Protein Phosphorylation and Redox Status: An as Yet Elusive Dyad in Chronic Lymphocytic Leukemia

Malignant cells in chronic lymphocytic leukemia (CLL) are characterized by oxidative stress that is related to abundant generation of reactive oxygen species (ROS) by increased mitochondrial oxidative phosphorylation (OXPHOS). Lymphoid tissues have been shown to provide a protective microenvironment that antagonizes the effects of ROS, contributing to establishing redox homeostasis that supports the vitality of CLL cells. In the last few decades, a complex antioxidant machinery has been demonstrated to be activated in CLL cells, including the different superoxide dismutase (SOD) isoforms, the thioredoxin (Trx) system, and the enzyme cascade inducing glutathione (GSH) biosynthesis and recycling, to name a few. Their expression is known to be upregulated by the activation of specific transcription factors, which can be regulated by either oxidative stress or phosphorylation.
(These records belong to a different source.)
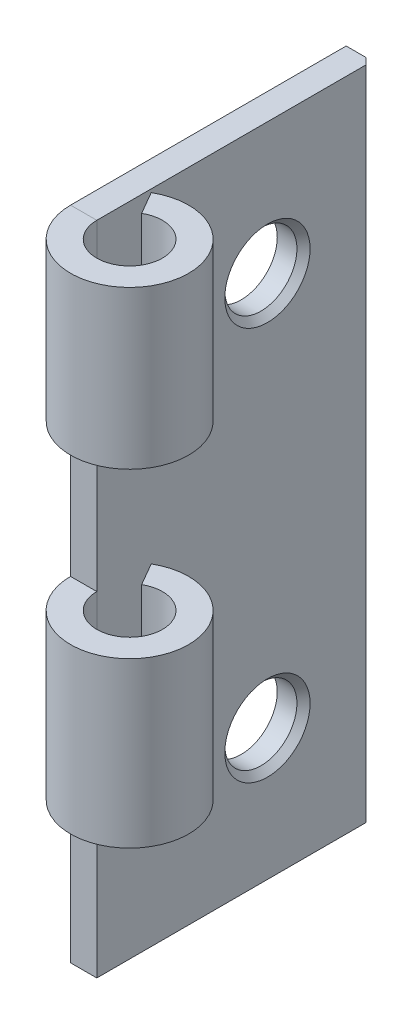
ISO-10303-21;
HEADER;
FILE_DESCRIPTION(('STEP AP214'),'2;1');
FILE_NAME('part.step','',(''),(''),'','','');
FILE_SCHEMA(('AUTOMOTIVE_DESIGN { 1 0 10303 214 1 1 1 1 }'));
ENDSEC;
DATA;
#1=APPLICATION_CONTEXT('core data for automotive mechanical design processes');
#2=APPLICATION_PROTOCOL_DEFINITION('international standard','automotive_design',2000,#1);
#3=PRODUCT_CONTEXT('',#1,'mechanical');
#4=PRODUCT('Part','Part','',(#3));
#5=PRODUCT_RELATED_PRODUCT_CATEGORY('part','',(#4));
#6=PRODUCT_DEFINITION_FORMATION('','',#4);
#7=PRODUCT_DEFINITION_CONTEXT('part definition',#1,'design');
#8=PRODUCT_DEFINITION('design','',#6,#7);
#9=PRODUCT_DEFINITION_SHAPE('','',#8);
#10=(LENGTH_UNIT() NAMED_UNIT(*) SI_UNIT(.MILLI.,.METRE.));
#11=(NAMED_UNIT(*) PLANE_ANGLE_UNIT() SI_UNIT($,.RADIAN.));
#12=(NAMED_UNIT(*) SI_UNIT($,.STERADIAN.) SOLID_ANGLE_UNIT());
#13=UNCERTAINTY_MEASURE_WITH_UNIT(LENGTH_MEASURE(1.E-05),#10,'distance_accuracy_value','');
#14=(GEOMETRIC_REPRESENTATION_CONTEXT(3) GLOBAL_UNCERTAINTY_ASSIGNED_CONTEXT((#13)) GLOBAL_UNIT_ASSIGNED_CONTEXT((#10,
#11,#12)) REPRESENTATION_CONTEXT('',''));
#15=CARTESIAN_POINT('',(0.,0.,0.));
#16=DIRECTION('',(0.,0.,1.));
#17=DIRECTION('',(1.,0.,0.));
#18=AXIS2_PLACEMENT_3D('',#15,#16,#17);
#19=CARTESIAN_POINT('',(2.,25.,10.5));
#20=DIRECTION('',(0.,0.,-1.));
#21=DIRECTION('',(0.,1.,0.));
#22=AXIS2_PLACEMENT_3D('',#19,#20,#21);
#23=PLANE('',#22);
#24=DIRECTION('',(-1.,0.,0.));
#25=VECTOR('',#24,1.);
#26=CARTESIAN_POINT('',(2.,0.499999999999997,10.5));
#27=LINE('',#26,#25);
#28=CARTESIAN_POINT('',(2.,0.499999999999997,10.5));
#29=VERTEX_POINT('',#28);
#30=CARTESIAN_POINT('',(0.,0.499999999999994,10.5));
#31=VERTEX_POINT('',#30);
#32=EDGE_CURVE('E130',#29,#31,#27,.T.);
#33=ORIENTED_EDGE('',*,*,#32,.F.);
#34=DIRECTION('',(0.,-1.,0.));
#35=VECTOR('',#34,1.);
#36=CARTESIAN_POINT('',(2.,25.,10.5));
#37=LINE('',#36,#35);
#38=CARTESIAN_POINT('',(2.,13.,10.5));
#39=VERTEX_POINT('',#38);
#40=EDGE_CURVE('E248',#39,#29,#37,.T.);
#41=ORIENTED_EDGE('',*,*,#40,.F.);
#42=DIRECTION('',(-1.,0.,0.));
#43=VECTOR('',#42,1.);
#44=CARTESIAN_POINT('',(2.,13.,10.5));
#45=LINE('',#44,#43);
#46=CARTESIAN_POINT('',(0.,13.,10.5));
#47=VERTEX_POINT('',#46);
#48=EDGE_CURVE('E166',#39,#47,#45,.T.);
#49=ORIENTED_EDGE('',*,*,#48,.T.);
#50=DIRECTION('',(0.,-1.,0.));
#51=VECTOR('',#50,1.);
#52=CARTESIAN_POINT('',(0.,25.,10.5));
#53=LINE('',#52,#51);
#54=EDGE_CURVE('E160',#47,#31,#53,.T.);
#55=ORIENTED_EDGE('',*,*,#54,.T.);
#56=EDGE_LOOP('',(#33,#41,#49,#55));
#57=FACE_BOUND('',#56,.T.);
#58=ADVANCED_FACE('F41',(#57),#23,.F.);
#59=CARTESIAN_POINT('',(2.,25.,-10.5));
#60=DIRECTION('',(0.,0.,1.));
#61=DIRECTION('',(0.,-1.,0.));
#62=AXIS2_PLACEMENT_3D('',#59,#60,#61);
#63=PLANE('',#62);
#64=DIRECTION('',(-1.,0.,0.));
#65=VECTOR('',#64,1.);
#66=CARTESIAN_POINT('',(2.,25.,-10.5));
#67=LINE('',#66,#65);
#68=CARTESIAN_POINT('',(1.5,25.,-10.5));
#69=VERTEX_POINT('',#68);
#70=CARTESIAN_POINT('',(0.,25.,-10.5));
#71=VERTEX_POINT('',#70);
#72=EDGE_CURVE('E186',#69,#71,#67,.T.);
#73=ORIENTED_EDGE('',*,*,#72,.F.);
#74=DIRECTION('',(0.,-1.,0.));
#75=VECTOR('',#74,1.);
#76=CARTESIAN_POINT('',(1.5,-25.,-10.5));
#77=LINE('',#76,#75);
#78=CARTESIAN_POINT('',(1.5,-25.,-10.5));
#79=VERTEX_POINT('',#78);
#80=EDGE_CURVE('E50',#69,#79,#77,.T.);
#81=ORIENTED_EDGE('',*,*,#80,.T.);
#82=DIRECTION('',(-1.,0.,0.));
#83=VECTOR('',#82,1.);
#84=CARTESIAN_POINT('',(2.,-25.,-10.5));
#85=LINE('',#84,#83);
#86=CARTESIAN_POINT('',(0.,-25.,-10.5));
#87=VERTEX_POINT('',#86);
#88=EDGE_CURVE('E178',#79,#87,#85,.T.);
#89=ORIENTED_EDGE('',*,*,#88,.T.);
#90=DIRECTION('',(0.,1.,0.));
#91=VECTOR('',#90,1.);
#92=CARTESIAN_POINT('',(0.,25.,-10.5));
#93=LINE('',#92,#91);
#94=EDGE_CURVE('E290',#87,#71,#93,.T.);
#95=ORIENTED_EDGE('',*,*,#94,.T.);
#96=EDGE_LOOP('',(#73,#81,#89,#95));
#97=FACE_BOUND('',#96,.T.);
#98=ADVANCED_FACE('F222',(#97),#63,.F.);
#99=CARTESIAN_POINT('',(2.,25.,10.5));
#100=DIRECTION('',(0.,-1.,0.));
#101=DIRECTION('',(0.,0.,-1.));
#102=AXIS2_PLACEMENT_3D('',#99,#100,#101);
#103=PLANE('',#102);
#104=DIRECTION('',(0.,0.,1.));
#105=VECTOR('',#104,1.);
#106=CARTESIAN_POINT('',(2.,25.,10.5));
#107=LINE('',#106,#105);
#108=CARTESIAN_POINT('',(2.,25.,-9.99999999999999));
#109=VERTEX_POINT('',#108);
#110=CARTESIAN_POINT('',(2.,25.,10.5));
#111=VERTEX_POINT('',#110);
#112=EDGE_CURVE('E177',#109,#111,#107,.T.);
#113=ORIENTED_EDGE('',*,*,#112,.F.);
#114=DIRECTION('',(-0.707106781186548,0.,-0.707106781186548));
#115=VECTOR('',#114,1.);
#116=CARTESIAN_POINT('',(2.,25.,-10.));
#117=LINE('',#116,#115);
#118=EDGE_CURVE('E64',#109,#69,#117,.T.);
#119=ORIENTED_EDGE('',*,*,#118,.T.);
#120=ORIENTED_EDGE('',*,*,#72,.T.);
#121=DIRECTION('',(0.,0.,1.));
#122=VECTOR('',#121,1.);
#123=CARTESIAN_POINT('',(0.,25.,10.5));
#124=LINE('',#123,#122);
#125=CARTESIAN_POINT('',(0.,25.,10.5));
#126=VERTEX_POINT('',#125);
#127=EDGE_CURVE('E171',#71,#126,#124,.T.);
#128=ORIENTED_EDGE('',*,*,#127,.T.);
#129=DIRECTION('',(-1.,0.,0.));
#130=VECTOR('',#129,1.);
#131=CARTESIAN_POINT('',(2.,25.,10.5));
#132=LINE('',#131,#130);
#133=EDGE_CURVE('E184',#111,#126,#132,.T.);
#134=ORIENTED_EDGE('',*,*,#133,.F.);
#135=EDGE_LOOP('',(#113,#119,#120,#128,#134));
#136=FACE_BOUND('',#135,.T.);
#137=ADVANCED_FACE('F228',(#136),#103,.F.);
#138=CARTESIAN_POINT('',(2.,-12.,10.5));
#139=VERTEX_POINT('',#138);
#140=CARTESIAN_POINT('',(2.,-25.,10.5));
#141=VERTEX_POINT('',#140);
#142=EDGE_CURVE('E243',#139,#141,#37,.T.);
#143=ORIENTED_EDGE('',*,*,#142,.F.);
#144=DIRECTION('',(-1.,0.,0.));
#145=VECTOR('',#144,1.);
#146=CARTESIAN_POINT('',(2.,-12.,10.5));
#147=LINE('',#146,#145);
#148=CARTESIAN_POINT('',(0.,-12.,10.5));
#149=VERTEX_POINT('',#148);
#150=EDGE_CURVE('E141',#139,#149,#147,.T.);
#151=ORIENTED_EDGE('',*,*,#150,.T.);
#152=CARTESIAN_POINT('',(0.,-25.,10.5));
#153=VERTEX_POINT('',#152);
#154=EDGE_CURVE('E162',#149,#153,#53,.T.);
#155=ORIENTED_EDGE('',*,*,#154,.T.);
#156=DIRECTION('',(-1.,0.,0.));
#157=VECTOR('',#156,1.);
#158=CARTESIAN_POINT('',(2.,-25.,10.5));
#159=LINE('',#158,#157);
#160=EDGE_CURVE('E180',#141,#153,#159,.T.);
#161=ORIENTED_EDGE('',*,*,#160,.F.);
#162=EDGE_LOOP('',(#143,#151,#155,#161));
#163=FACE_BOUND('',#162,.T.);
#164=ADVANCED_FACE('F224',(#163),#23,.F.);
#165=CARTESIAN_POINT('',(2.,-25.,10.5));
#166=DIRECTION('',(0.,1.,0.));
#167=DIRECTION('',(0.,0.,1.));
#168=AXIS2_PLACEMENT_3D('',#165,#166,#167);
#169=PLANE('',#168);
#170=ORIENTED_EDGE('',*,*,#88,.F.);
#171=DIRECTION('',(0.707106781186548,0.,0.707106781186548));
#172=VECTOR('',#171,1.);
#173=CARTESIAN_POINT('',(2.,-25.,-10.));
#174=LINE('',#173,#172);
#175=CARTESIAN_POINT('',(2.,-25.,-10.));
#176=VERTEX_POINT('',#175);
#177=EDGE_CURVE('E11',#79,#176,#174,.T.);
#178=ORIENTED_EDGE('',*,*,#177,.T.);
#179=DIRECTION('',(0.,0.,-1.));
#180=VECTOR('',#179,1.);
#181=CARTESIAN_POINT('',(2.,-25.,10.5));
#182=LINE('',#181,#180);
#183=EDGE_CURVE('E181',#141,#176,#182,.T.);
#184=ORIENTED_EDGE('',*,*,#183,.F.);
#185=ORIENTED_EDGE('',*,*,#160,.T.);
#186=DIRECTION('',(0.,0.,-1.));
#187=VECTOR('',#186,1.);
#188=CARTESIAN_POINT('',(0.,-25.,10.5));
#189=LINE('',#188,#187);
#190=EDGE_CURVE('E170',#153,#87,#189,.T.);
#191=ORIENTED_EDGE('',*,*,#190,.T.);
#192=EDGE_LOOP('',(#170,#178,#184,#185,#191));
#193=FACE_BOUND('',#192,.T.);
#194=ADVANCED_FACE('F233',(#193),#169,.F.);
#195=CARTESIAN_POINT('',(2.,0.,0.));
#196=DIRECTION('',(1.,0.,0.));
#197=DIRECTION('',(0.,0.,-1.));
#198=AXIS2_PLACEMENT_3D('',#195,#196,#197);
#199=PLANE('',#198);
#200=CARTESIAN_POINT('',(2.,-15.,-2.5));
#201=DIRECTION('',(1.,0.,0.));
#202=DIRECTION('',(0.,0.,-1.));
#203=AXIS2_PLACEMENT_3D('',#200,#201,#202);
#204=CIRCLE('',#203,3.24999999999999);
#205=CARTESIAN_POINT('',(2.,-15.,-5.74999999999999));
#206=VERTEX_POINT('',#205);
#207=EDGE_CURVE('E197',#206,#206,#204,.F.);
#208=ORIENTED_EDGE('',*,*,#207,.T.);
#209=EDGE_LOOP('',(#208));
#210=FACE_BOUND('',#209,.T.);
#211=CARTESIAN_POINT('',(2.,15.,-2.5));
#212=DIRECTION('',(1.,0.,0.));
#213=DIRECTION('',(0.,0.,-1.));
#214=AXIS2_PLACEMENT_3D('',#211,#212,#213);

These two latter aspects have mostly been explored separately, and only recently an increasing body of evidence has been providing reasonable inference that ROS and phosphorylation may cooperate in an interplay that contributes to the survival mechanisms of CLL cells. Here, we present an overview of how oxidative stress and phosphorylation-dependent signals are intertwined in CLL, focusing on transcription factors that regulate the balance between ROS production and scavenging.